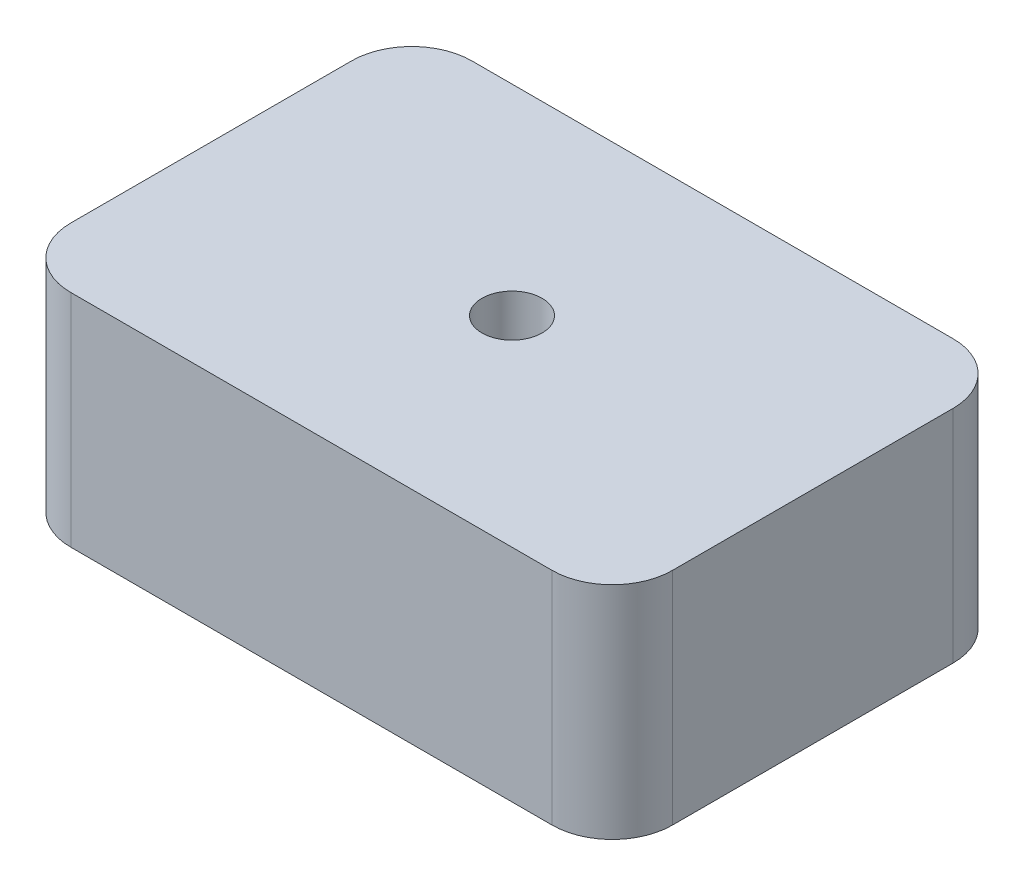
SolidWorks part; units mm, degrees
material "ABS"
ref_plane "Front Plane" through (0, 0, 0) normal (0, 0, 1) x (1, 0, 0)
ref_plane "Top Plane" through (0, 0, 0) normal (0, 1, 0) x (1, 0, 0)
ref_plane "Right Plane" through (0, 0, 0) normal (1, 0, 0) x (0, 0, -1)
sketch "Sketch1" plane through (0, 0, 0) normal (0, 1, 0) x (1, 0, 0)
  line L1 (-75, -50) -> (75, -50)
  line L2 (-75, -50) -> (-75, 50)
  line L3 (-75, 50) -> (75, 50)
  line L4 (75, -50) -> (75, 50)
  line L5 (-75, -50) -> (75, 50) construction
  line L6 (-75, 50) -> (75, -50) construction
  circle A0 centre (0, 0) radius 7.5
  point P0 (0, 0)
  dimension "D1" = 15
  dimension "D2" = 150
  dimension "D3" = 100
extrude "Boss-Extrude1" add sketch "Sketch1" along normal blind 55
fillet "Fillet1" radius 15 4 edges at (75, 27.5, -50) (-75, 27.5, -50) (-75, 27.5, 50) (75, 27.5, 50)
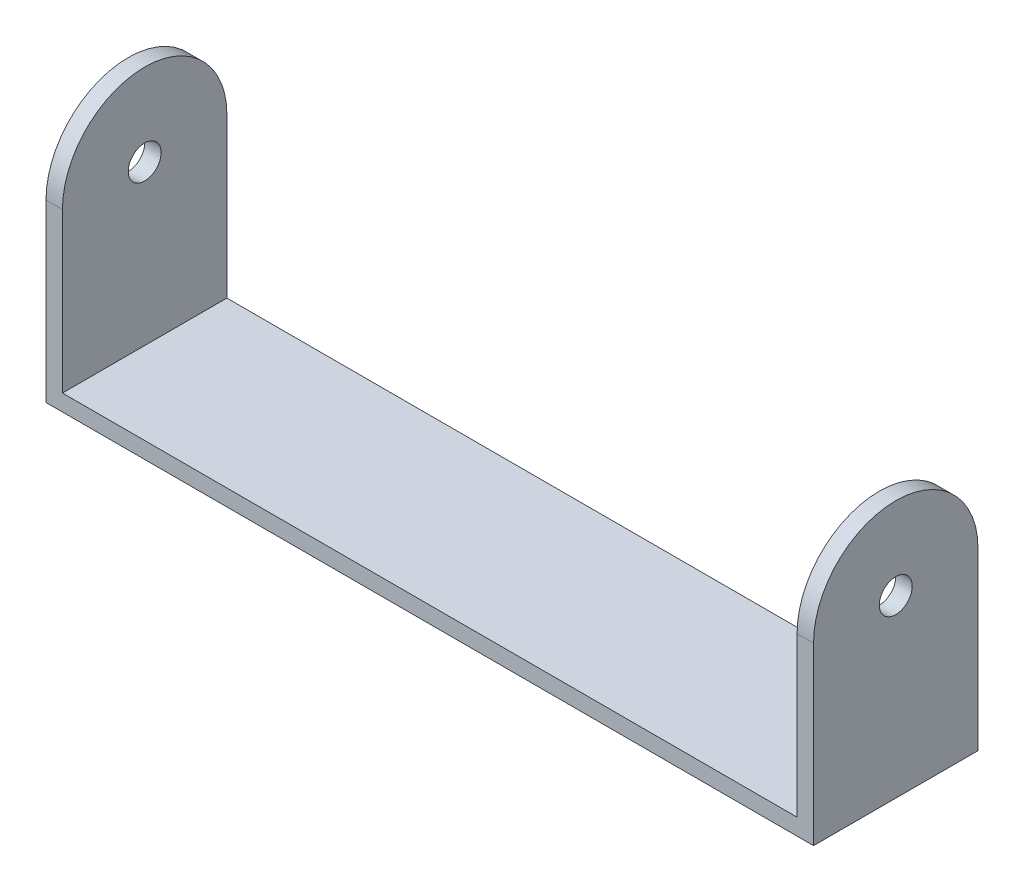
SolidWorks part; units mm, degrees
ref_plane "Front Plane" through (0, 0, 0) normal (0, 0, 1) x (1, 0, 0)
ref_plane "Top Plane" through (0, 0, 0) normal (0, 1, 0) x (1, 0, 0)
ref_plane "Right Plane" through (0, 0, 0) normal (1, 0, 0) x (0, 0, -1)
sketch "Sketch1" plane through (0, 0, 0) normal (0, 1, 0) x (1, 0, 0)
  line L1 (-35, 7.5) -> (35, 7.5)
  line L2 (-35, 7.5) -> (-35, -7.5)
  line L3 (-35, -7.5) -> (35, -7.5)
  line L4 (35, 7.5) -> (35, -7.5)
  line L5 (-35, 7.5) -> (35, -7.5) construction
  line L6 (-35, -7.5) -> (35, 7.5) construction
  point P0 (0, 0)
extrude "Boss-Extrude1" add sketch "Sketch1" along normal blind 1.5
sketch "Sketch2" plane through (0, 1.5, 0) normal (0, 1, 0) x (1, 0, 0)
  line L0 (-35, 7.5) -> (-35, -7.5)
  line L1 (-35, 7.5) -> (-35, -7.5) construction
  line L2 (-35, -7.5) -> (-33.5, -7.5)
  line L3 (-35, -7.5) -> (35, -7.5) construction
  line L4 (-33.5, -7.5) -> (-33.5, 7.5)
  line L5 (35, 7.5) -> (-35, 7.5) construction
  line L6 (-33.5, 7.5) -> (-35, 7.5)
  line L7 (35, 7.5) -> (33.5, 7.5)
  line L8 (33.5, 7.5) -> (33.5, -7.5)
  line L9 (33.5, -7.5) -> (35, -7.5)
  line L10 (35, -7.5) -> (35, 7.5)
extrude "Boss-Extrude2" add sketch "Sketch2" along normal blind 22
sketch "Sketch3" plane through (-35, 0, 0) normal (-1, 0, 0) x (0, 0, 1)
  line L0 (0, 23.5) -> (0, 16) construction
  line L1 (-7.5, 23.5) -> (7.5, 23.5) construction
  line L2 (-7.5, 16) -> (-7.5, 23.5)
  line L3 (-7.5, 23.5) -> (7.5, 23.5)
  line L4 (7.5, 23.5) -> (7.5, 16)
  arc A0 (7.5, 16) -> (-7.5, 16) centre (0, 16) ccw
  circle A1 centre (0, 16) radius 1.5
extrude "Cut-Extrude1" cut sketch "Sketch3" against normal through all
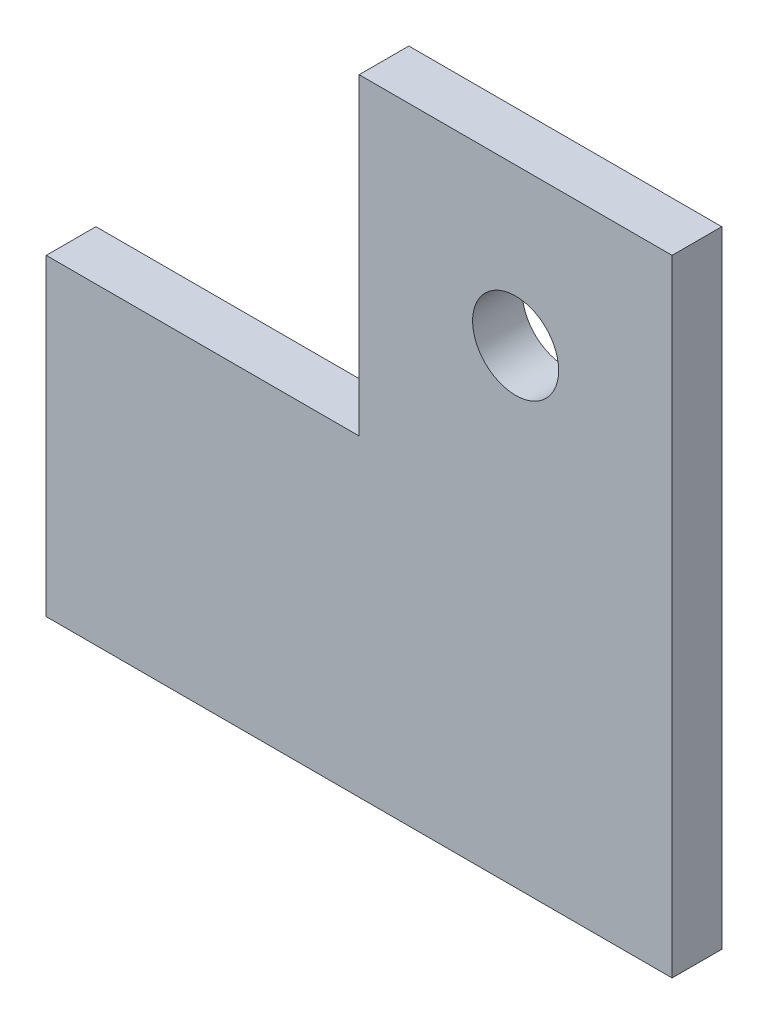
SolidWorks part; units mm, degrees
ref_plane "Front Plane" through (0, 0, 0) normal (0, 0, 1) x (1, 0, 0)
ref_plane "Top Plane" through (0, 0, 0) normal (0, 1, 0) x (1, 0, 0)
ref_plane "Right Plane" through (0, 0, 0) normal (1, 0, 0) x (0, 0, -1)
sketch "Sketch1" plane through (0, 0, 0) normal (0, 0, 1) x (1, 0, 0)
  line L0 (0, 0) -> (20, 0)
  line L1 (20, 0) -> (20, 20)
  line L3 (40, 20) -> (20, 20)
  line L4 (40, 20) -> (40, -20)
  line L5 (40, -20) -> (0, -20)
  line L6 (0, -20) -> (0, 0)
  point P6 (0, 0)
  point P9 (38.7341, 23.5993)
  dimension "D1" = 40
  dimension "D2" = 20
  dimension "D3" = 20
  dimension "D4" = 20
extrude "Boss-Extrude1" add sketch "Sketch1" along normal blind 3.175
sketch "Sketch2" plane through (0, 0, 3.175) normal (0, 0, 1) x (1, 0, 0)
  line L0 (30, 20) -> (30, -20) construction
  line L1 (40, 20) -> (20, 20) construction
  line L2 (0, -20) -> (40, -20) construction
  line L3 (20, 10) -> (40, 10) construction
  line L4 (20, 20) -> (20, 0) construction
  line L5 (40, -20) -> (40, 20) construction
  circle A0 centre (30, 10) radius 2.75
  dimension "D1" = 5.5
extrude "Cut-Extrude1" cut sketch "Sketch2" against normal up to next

....

▸ DIRECTIONS FOR THIS TASK: Leaving aside the pictures, copy the listing above exactly.

▸ SOLVED EXERCISE:
SolidWorks part; units mm, degrees
material "ABS"
ref_plane "Front Plane" through (0, 0, 0) normal (0, 0, 1) x (1, 0, 0)
ref_plane "Top Plane" through (0, 0, 0) normal (0, 1, 0) x (1, 0, 0)
ref_plane "Right Plane" through (0, 0, 0) normal (1, 0, 0) x (0, 0, -1)
sketch "Sketch1" plane through (0, 0, 0) normal (0, 1, 0) x (1, 0, 0)
  line L1 (-75, -50) -> (75, -50)
  line L2 (-75, -50) -> (-75, 50)
  line L3 (-75, 50) -> (75, 50)
  line L4 (75, -50) -> (75, 50)
  line L5 (-75, -50) -> (75, 50) construction
  line L6 (-75, 50) -> (75, -50) construction
  circle A0 centre (0, 0) radius 7.5
  point P0 (0, 0)
  dimension "D1" = 15
  dimension "D2" = 150
  dimension "D3" = 100
extrude "Boss-Extrude1" add sketch "Sketch1" along normal blind 55
fillet "Fillet1" radius 15 4 edges at (75, 27.5, -50) (-75, 27.5, -50) (-75, 27.5, 50) (75, 27.5, 50)
SolidWorks part; units mm, degrees
ref_plane "Front Plane" through (0, 0, 0) normal (0, 0, 1) x (1, 0, 0)
ref_plane "Top Plane" through (0, 0, 0) normal (0, 1, 0) x (1, 0, 0)
ref_plane "Right Plane" through (0, 0, 0) normal (1, 0, 0) x (0, 0, -1)
sketch "Sketch1" plane through (0, 0, 0) normal (0, 1, 0) x (1, 0, 0)
  line L1 (-35, 7.5) -> (35, 7.5)
  line L2 (-35, 7.5) -> (-35, -7.5)
  line L3 (-35, -7.5) -> (35, -7.5)
  line L4 (35, 7.5) -> (35, -7.5)
  line L5 (-35, 7.5) -> (35, -7.5) construction
  line L6 (-35, -7.5) -> (35, 7.5) construction
  point P0 (0, 0)
extrude "Boss-Extrude1" add sketch "Sketch1" along normal blind 1.5
sketch "Sketch2" plane through (0, 1.5, 0) normal (0, 1, 0) x (1, 0, 0)
  line L0 (-35, 7.5) -> (-35, -7.5)
  line L1 (-35, 7.5) -> (-35, -7.5) construction
  line L2 (-35, -7.5) -> (-33.5, -7.5)
  line L3 (-35, -7.5) -> (35, -7.5) construction
  line L4 (-33.5, -7.5) -> (-33.5, 7.5)
  line L5 (35, 7.5) -> (-35, 7.5) construction
  line L6 (-33.5, 7.5) -> (-35, 7.5)
  line L7 (35, 7.5) -> (33.5, 7.5)
  line L8 (33.5, 7.5) -> (33.5, -7.5)
  line L9 (33.5, -7.5) -> (35, -7.5)
  line L10 (35, -7.5) -> (35, 7.5)
extrude "Boss-Extrude2" add sketch "Sketch2" along normal blind 22
sketch "Sketch3" plane through (-35, 0, 0) normal (-1, 0, 0) x (0, 0, 1)
  line L0 (0, 23.5) -> (0, 16) construction
  line L1 (-7.5, 23.5) -> (7.5, 23.5) construction
  line L2 (-7.5, 16) -> (-7.5, 23.5)
  line L3 (-7.5, 23.5) -> (7.5, 23.5)
  line L4 (7.5, 23.5) -> (7.5, 16)
  arc A0 (7.5, 16) -> (-7.5, 16) centre (0, 16) ccw
  circle A1 centre (0, 16) radius 1.5
extrude "Cut-Extrude1" cut sketch "Sketch3" against normal through all
SolidWorks part; units mm, degrees
ref_plane "Front Plane" through (0, 0, 0) normal (0, 0, 1) x (1, 0, 0)
ref_plane "Top Plane" through (0, 0, 0) normal (0, 1, 0) x (1, 0, 0)
ref_plane "Right Plane" through (0, 0, 0) normal (1, 0, 0) x (0, 0, -1)
sketch "Sketch1" plane through (0, 0, 0) normal (0, 0, 1) x (1, 0, 0)
  line L0 (0, 0) -> (20, 0)
  line L1 (20, 0) -> (20, 20)
  line L3 (40, 20) -> (20, 20)
  line L4 (40, 20) -> (40, -20)
  line L5 (40, -20) -> (0, -20)
  line L6 (0, -20) -> (0, 0)
  point P6 (0, 0)
  point P9 (38.7341, 23.5993)
  dimension "D1" = 40
  dimension "D2" = 20
  dimension "D3" = 20
  dimension "D4" = 20
extrude "Boss-Extrude1" add sketch "Sketch1" along normal blind 3.175
sketch "Sketch2" plane through (0, 0, 3.175) normal (0, 0, 1) x (1, 0, 0)
  line L0 (30, 20) -> (30, -20) construction
  line L1 (40, 20) -> (20, 20) construction
  line L2 (0, -20) -> (40, -20) construction
  line L3 (20, 10) -> (40, 10) construction
  line L4 (20, 20) -> (20, 0) construction
  line L5 (40, -20) -> (40, 20) construction
  circle A0 centre (30, 10) radius 2.75
  dimension "D1" = 5.5
extrude "Cut-Extrude1" cut sketch "Sketch2" against normal up to next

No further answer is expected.